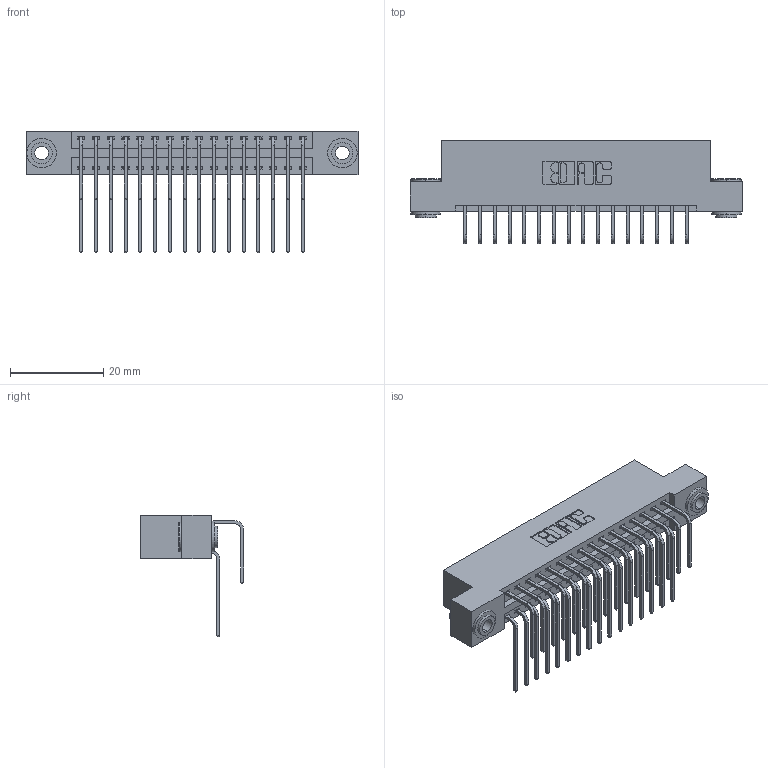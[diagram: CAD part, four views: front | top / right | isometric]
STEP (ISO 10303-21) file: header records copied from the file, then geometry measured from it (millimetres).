
FILE_DESCRIPTION (( 'STEP AP203' ), '1' );
FILE_NAME ('346-032-558-203.STEP', '2022-05-19T18:32:38', ( '' ), ( '' ), 'SwSTEP 2.0', 'SolidWorks 2020', '' );
FILE_SCHEMA (( 'CONFIG_CONTROL_DESIGN' ));
Length unit declared in the file: inch
Products named in the file (5): 346-032-558-203; 346 Part_Flush Mounting Lugs - 0.156 Dia-TH; 345-250-002_345-250-002-102; 345-292-001_558 Tail - 2; 345-292-001_558 559 Tail - 1
Assembly tree (35 placements, depth 2):
  346-032-558-203
    346 Part_Flush Mounting Lugs - 0.156 Dia-TH
    345-292-001_558 559 Tail - 1  x16
    345-292-001_558 Tail - 2  x16
    345-250-002_345-250-002-102  x2
Bounding box: 71.37 x 22.16 x 26.16 mm (x, y, z)
Volume: 6943.8 mm3; surface area: 10270.4 mm2
Topology: 35 solids, 35 shells, 1902 faces, 5593 edges, 3682 vertices
Faces by surface type: plane 1284, cylinder 610, cone 8
Entity records: 16792 total; most frequent: CARTESIAN_POINT 2836, ORIENTED_EDGE 2710, DIRECTION 2553, EDGE_CURVE 1355, VECTOR 1095, LINE 1095, VERTEX_POINT 898, AXIS2_PLACEMENT_3D 729
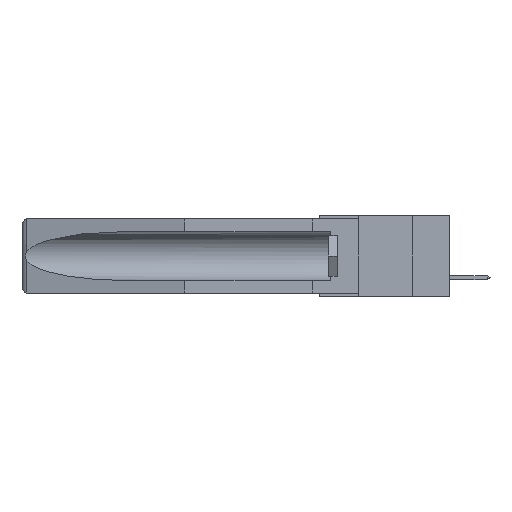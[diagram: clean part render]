
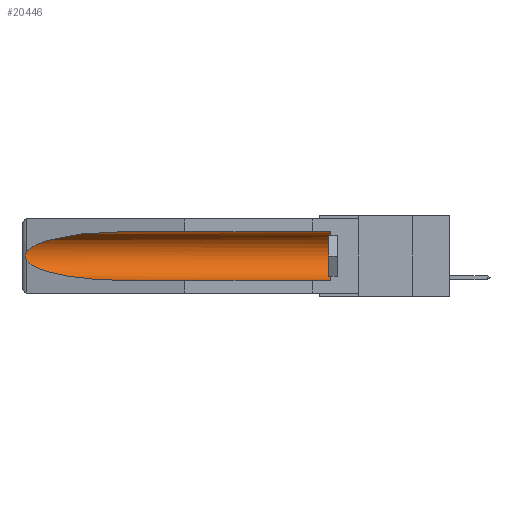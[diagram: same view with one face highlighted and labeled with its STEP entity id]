
A CAD part, left-side view. The second image highlights one B-rep face of the part: STEP entity #20446.
In plain terms, the highlighted cylindrical face has radius 2.857 mm (diameter 5.715 mm), a partial arc.
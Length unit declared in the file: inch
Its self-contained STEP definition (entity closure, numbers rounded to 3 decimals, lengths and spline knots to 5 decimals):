
#24 = EDGE_CURVE ( 'NONE', #30308, #29756, #10758, .T. ) ;
#160 = CARTESIAN_POINT ( 'NONE',  ( 0.155, -0.30754, -0.284 ) ) ;
#266 = DIRECTION ( 'NONE',  ( 0., 1., 0. ) ) ;
#1812 = CARTESIAN_POINT ( 'NONE',  ( 0.2675, 1.53308, -0.16763 ) ) ;
#2015 = CARTESIAN_POINT ( 'NONE',  ( 0.26654, 1.53092, -0.15636 ) ) ;
#3480 = CARTESIAN_POINT ( 'NONE',  ( 0.155, 1.07973, -0.284 ) ) ;
#4435 = CARTESIAN_POINT ( 'NONE',  ( 0.2673, 1.5327, -0.16383 ) ) ;
#4720 = ORIENTED_EDGE ( 'NONE', *, *, #9045, .T. ) ;
#4729 = VECTOR ( 'NONE', #266, 39.37008 ) ;
#4856 = CARTESIAN_POINT ( 'NONE',  ( 0.155, 1.07973, -0.284 ) ) ;
#5097 = EDGE_LOOP ( 'NONE', ( #14632, #6918, #4720, #14986, #7431, #14529 ) ) ;
#5767 = VERTEX_POINT ( 'NONE', #9451 ) ;
#5968 = VERTEX_POINT ( 'NONE', #4856 ) ;
#6729 = CARTESIAN_POINT ( 'NONE',  ( 0.2675, 1.53308, -0.17534 ) ) ;
#6825 = CARTESIAN_POINT ( 'NONE',  ( 0.25451, 1.48313, -0.09465 ) ) ;
#6904 = CARTESIAN_POINT ( 'NONE',  ( 0.26537, 1.52718, -0.14972 ) ) ;
#6918 = ORIENTED_EDGE ( 'NONE', *, *, #26467, .T. ) ;
#7431 = ORIENTED_EDGE ( 'NONE', *, *, #24, .T. ) ;
#7611 =( BOUNDED_CURVE ( )  B_SPLINE_CURVE ( 3, ( #17758, #22521, #27552, #3480 ),
 .UNSPECIFIED., .F., .F. ) 
 B_SPLINE_CURVE_WITH_KNOTS ( ( 4, 4 ),
 ( 0.1948, 1.5708 ),
 .UNSPECIFIED. ) 
 CURVE ( )  GEOMETRIC_REPRESENTATION_ITEM ( )  RATIONAL_B_SPLINE_CURVE ( ( 1., 0.848, 0.848, 1. ) ) 
 REPRESENTATION_ITEM ( '' )  );
#7976 =( BOUNDED_CURVE ( )  B_SPLINE_CURVE ( 3, ( #11321, #16107, #6825, #13723 ),
 .UNSPECIFIED., .F., .F. ) 
 B_SPLINE_CURVE_WITH_KNOTS ( ( 4, 4 ),
 ( 4.71239, 6.08839 ),
 .UNSPECIFIED. ) 
 CURVE ( )  GEOMETRIC_REPRESENTATION_ITEM ( )  RATIONAL_B_SPLINE_CURVE ( ( 1., 0.848, 0.848, 1. ) ) 
 REPRESENTATION_ITEM ( '' )  );
#8855 = EDGE_CURVE ( 'NONE', #29756, #5767, #13992, .T. ) ;
#9045 = EDGE_CURVE ( 'NONE', #11821, #5968, #7611, .T. ) ;
#9451 = CARTESIAN_POINT ( 'NONE',  ( 0.155, 1.07973, -0.059 ) ) ;
#9889 = VECTOR ( 'NONE', #29224, 39.37008 ) ;
#10087 = DIRECTION ( 'NONE',  ( 0., -1., 0. ) ) ;
#10675 = AXIS2_PLACEMENT_3D ( 'NONE', #17379, #10087, #26726 ) ;
#10758 = CIRCLE ( 'NONE', #10675, 0.1125 ) ;
#11321 = CARTESIAN_POINT ( 'NONE',  ( 0.155, 1.07973, -0.059 ) ) ;
#11455 = DIRECTION ( 'NONE',  ( 0., 1., 0. ) ) ;
#11821 = VERTEX_POINT ( 'NONE', #27964 ) ;
#12617 = CARTESIAN_POINT ( 'NONE',  ( 0.155, -0.30754, -0.059 ) ) ;
#13723 = CARTESIAN_POINT ( 'NONE',  ( 0.26537, 1.52718, -0.14972 ) ) ;
#13732 = CARTESIAN_POINT ( 'NONE',  ( 0.26655, 1.53094, -0.18657 ) ) ;
#13992 = LINE ( 'NONE', #12617, #9889 ) ;
#14529 = ORIENTED_EDGE ( 'NONE', *, *, #8855, .T. ) ;
#14632 = ORIENTED_EDGE ( 'NONE', *, *, #15010, .T. ) ;
#14814 = FACE_OUTER_BOUND ( 'NONE', #5097, .T. ) ;
#14986 = ORIENTED_EDGE ( 'NONE', *, *, #20546, .F. ) ;
#15010 = EDGE_CURVE ( 'NONE', #5767, #30549, #7976, .T. ) ;
#16107 = CARTESIAN_POINT ( 'NONE',  ( 0.21114, 1.30732, -0.059 ) ) ;
#16443 = DIRECTION ( 'NONE',  ( 0., 0., 1. ) ) ;
#17379 = CARTESIAN_POINT ( 'NONE',  ( 0.155, 0.126, -0.1715 ) ) ;
#17403 = LINE ( 'NONE', #160, #4729 ) ;
#17758 = CARTESIAN_POINT ( 'NONE',  ( 0.26537, 1.52718, -0.19328 ) ) ;
#18795 = CARTESIAN_POINT ( 'NONE',  ( 0.2673, 1.53269, -0.17917 ) ) ;
#19283 = CARTESIAN_POINT ( 'NONE',  ( 0.155, 0.126, -0.059 ) ) ;
#19984 = CYLINDRICAL_SURFACE ( 'NONE', #25694, 0.1125 ) ;
#20446 = ADVANCED_FACE ( 'NONE', ( #14814 ), #19984, .F. ) ;
#20546 = EDGE_CURVE ( 'NONE', #30308, #5968, #17403, .T. ) ;
#21080 = CARTESIAN_POINT ( 'NONE',  ( 0.26537, 1.52718, -0.19328 ) ) ;
#22521 = CARTESIAN_POINT ( 'NONE',  ( 0.25451, 1.48313, -0.24835 ) ) ;
#23260 = CARTESIAN_POINT ( 'NONE',  ( 0.26537, 1.52718, -0.14972 ) ) ;
#23367 = CARTESIAN_POINT ( 'NONE',  ( 0.26597, 1.5296, -0.19026 ) ) ;
#25665 = CARTESIAN_POINT ( 'NONE',  ( 0.26597, 1.52961, -0.15275 ) ) ;
#25694 = AXIS2_PLACEMENT_3D ( 'NONE', #28168, #11455, #16443 ) ;
#26467 = EDGE_CURVE ( 'NONE', #30549, #11821, #29719, .T. ) ;
#26726 = DIRECTION ( 'NONE',  ( 0., 0., 1. ) ) ;
#27552 = CARTESIAN_POINT ( 'NONE',  ( 0.21114, 1.30732, -0.284 ) ) ;
#27964 = CARTESIAN_POINT ( 'NONE',  ( 0.26537, 1.52718, -0.19328 ) ) ;
#28168 = CARTESIAN_POINT ( 'NONE',  ( 0.155, -0.30754, -0.1715 ) ) ;
#29224 = DIRECTION ( 'NONE',  ( 0., 1., 0. ) ) ;
#29460 = CARTESIAN_POINT ( 'NONE',  ( 0.155, 0.126, -0.284 ) ) ;
#29719 = B_SPLINE_CURVE_WITH_KNOTS ( 'NONE', 3,
 ( #23260, #25665, #2015, #4435, #1812, #6729, #18795, #13732, #23367, #21080 ),
 .UNSPECIFIED., .F., .F.,
 ( 4, 2, 2, 2, 4 ),
 ( 0., 0.00029, 0.00058, 0.00087, 0.00117 ),
 .UNSPECIFIED. ) ;
#29756 = VERTEX_POINT ( 'NONE', #19283 ) ;
#30308 = VERTEX_POINT ( 'NONE', #29460 ) ;
#30549 = VERTEX_POINT ( 'NONE', #6904 ) ;
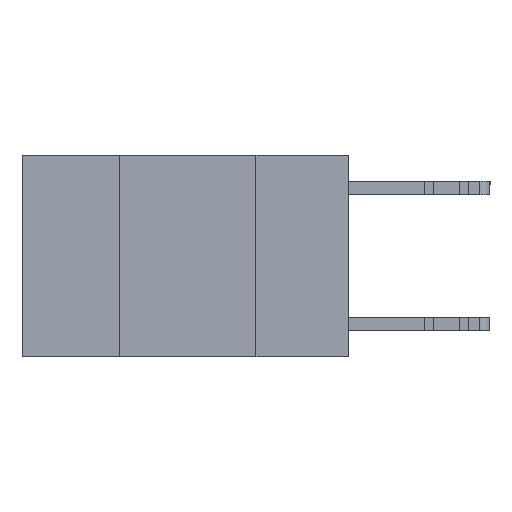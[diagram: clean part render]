
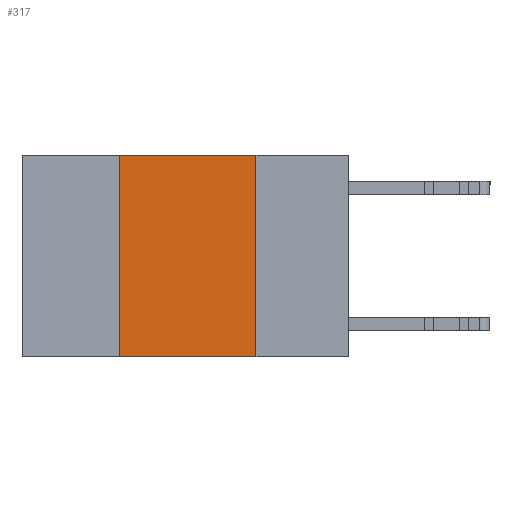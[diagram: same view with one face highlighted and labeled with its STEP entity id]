
A CAD part, left-side view. The second image highlights one B-rep face of the part: STEP entity #317.
In plain terms, the highlighted planar face has unit normal (-1, 0, 0).
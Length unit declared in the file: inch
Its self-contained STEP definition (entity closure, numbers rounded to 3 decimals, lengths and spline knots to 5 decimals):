
#317 = ADVANCED_FACE ( 'NONE', ( #28363 ), #11042, .F. ) ;
#936 = CARTESIAN_POINT ( 'NONE',  ( 0., 0.17, 0. ) ) ;
#1421 = VECTOR ( 'NONE', #9098, 39.37008 ) ;
#3732 = VECTOR ( 'NONE', #25328, 39.37008 ) ;
#3844 = DIRECTION ( 'NONE',  ( 1., 0., 0. ) ) ;
#6547 = LINE ( 'NONE', #28672, #1421 ) ;
#8041 = VERTEX_POINT ( 'NONE', #936 ) ;
#8369 = CARTESIAN_POINT ( 'NONE',  ( 0., 0.17, -0.37 ) ) ;
#8537 = VERTEX_POINT ( 'NONE', #8369 ) ;
#9098 = DIRECTION ( 'NONE',  ( 0., 0., 1. ) ) ;
#9110 = CARTESIAN_POINT ( 'NONE',  ( 0., 0.6, 0. ) ) ;
#9376 = VECTOR ( 'NONE', #18738, 39.37008 ) ;
#9696 = ORIENTED_EDGE ( 'NONE', *, *, #24800, .F. ) ;
#11042 = PLANE ( 'NONE',  #13437 ) ;
#12006 = CARTESIAN_POINT ( 'NONE',  ( 0., 0.6, -0.37 ) ) ;
#12514 = ORIENTED_EDGE ( 'NONE', *, *, #21097, .F. ) ;
#12914 = VERTEX_POINT ( 'NONE', #23976 ) ;
#13250 = ORIENTED_EDGE ( 'NONE', *, *, #14967, .T. ) ;
#13437 = AXIS2_PLACEMENT_3D ( 'NONE', #9110, #3844, #20809 ) ;
#13596 = EDGE_CURVE ( 'NONE', #8041, #8537, #23064, .T. ) ;
#14967 = EDGE_CURVE ( 'NONE', #12914, #8537, #21778, .T. ) ;
#15000 = CARTESIAN_POINT ( 'NONE',  ( 0., 0.6, 0. ) ) ;
#15846 = EDGE_LOOP ( 'NONE', ( #17063, #9696, #12514, #13250 ) ) ;
#17063 = ORIENTED_EDGE ( 'NONE', *, *, #13596, .F. ) ;
#18738 = DIRECTION ( 'NONE',  ( 0., -1., 0. ) ) ;
#20809 = DIRECTION ( 'NONE',  ( 0., 0., -1. ) ) ;
#21097 = EDGE_CURVE ( 'NONE', #12914, #30713, #6547, .T. ) ;
#21778 = LINE ( 'NONE', #12006, #9376 ) ;
#22200 = DIRECTION ( 'NONE',  ( 0., -1., 0. ) ) ;
#22502 = LINE ( 'NONE', #15000, #27609 ) ;
#23064 = LINE ( 'NONE', #25493, #3732 ) ;
#23976 = CARTESIAN_POINT ( 'NONE',  ( 0., 0.42, -0.37 ) ) ;
#24800 = EDGE_CURVE ( 'NONE', #30713, #8041, #22502, .T. ) ;
#25328 = DIRECTION ( 'NONE',  ( 0., 0., -1. ) ) ;
#25493 = CARTESIAN_POINT ( 'NONE',  ( 0., 0.17, 0. ) ) ;
#27609 = VECTOR ( 'NONE', #22200, 39.37008 ) ;
#27642 = CARTESIAN_POINT ( 'NONE',  ( 0., 0.42, 0. ) ) ;
#28363 = FACE_OUTER_BOUND ( 'NONE', #15846, .T. ) ;
#28672 = CARTESIAN_POINT ( 'NONE',  ( 0., 0.42, 0. ) ) ;
#30713 = VERTEX_POINT ( 'NONE', #27642 ) ;

------------

### EXERCISE
Look through the data above for the word "Lugs". Report each line where it occurs.

### SOLUTION FOR THIS EXERCISE
Products named in the file (5): 346-032-558-203; 346 Part_Flush Mounting Lugs - 0.156 Dia-TH; 345-250-002_345-250-002-102; 345-292-001_558 Tail - 2; 345-292-001_558 559 Tail - 1
    346 Part_Flush Mounting Lugs - 0.156 Dia-TH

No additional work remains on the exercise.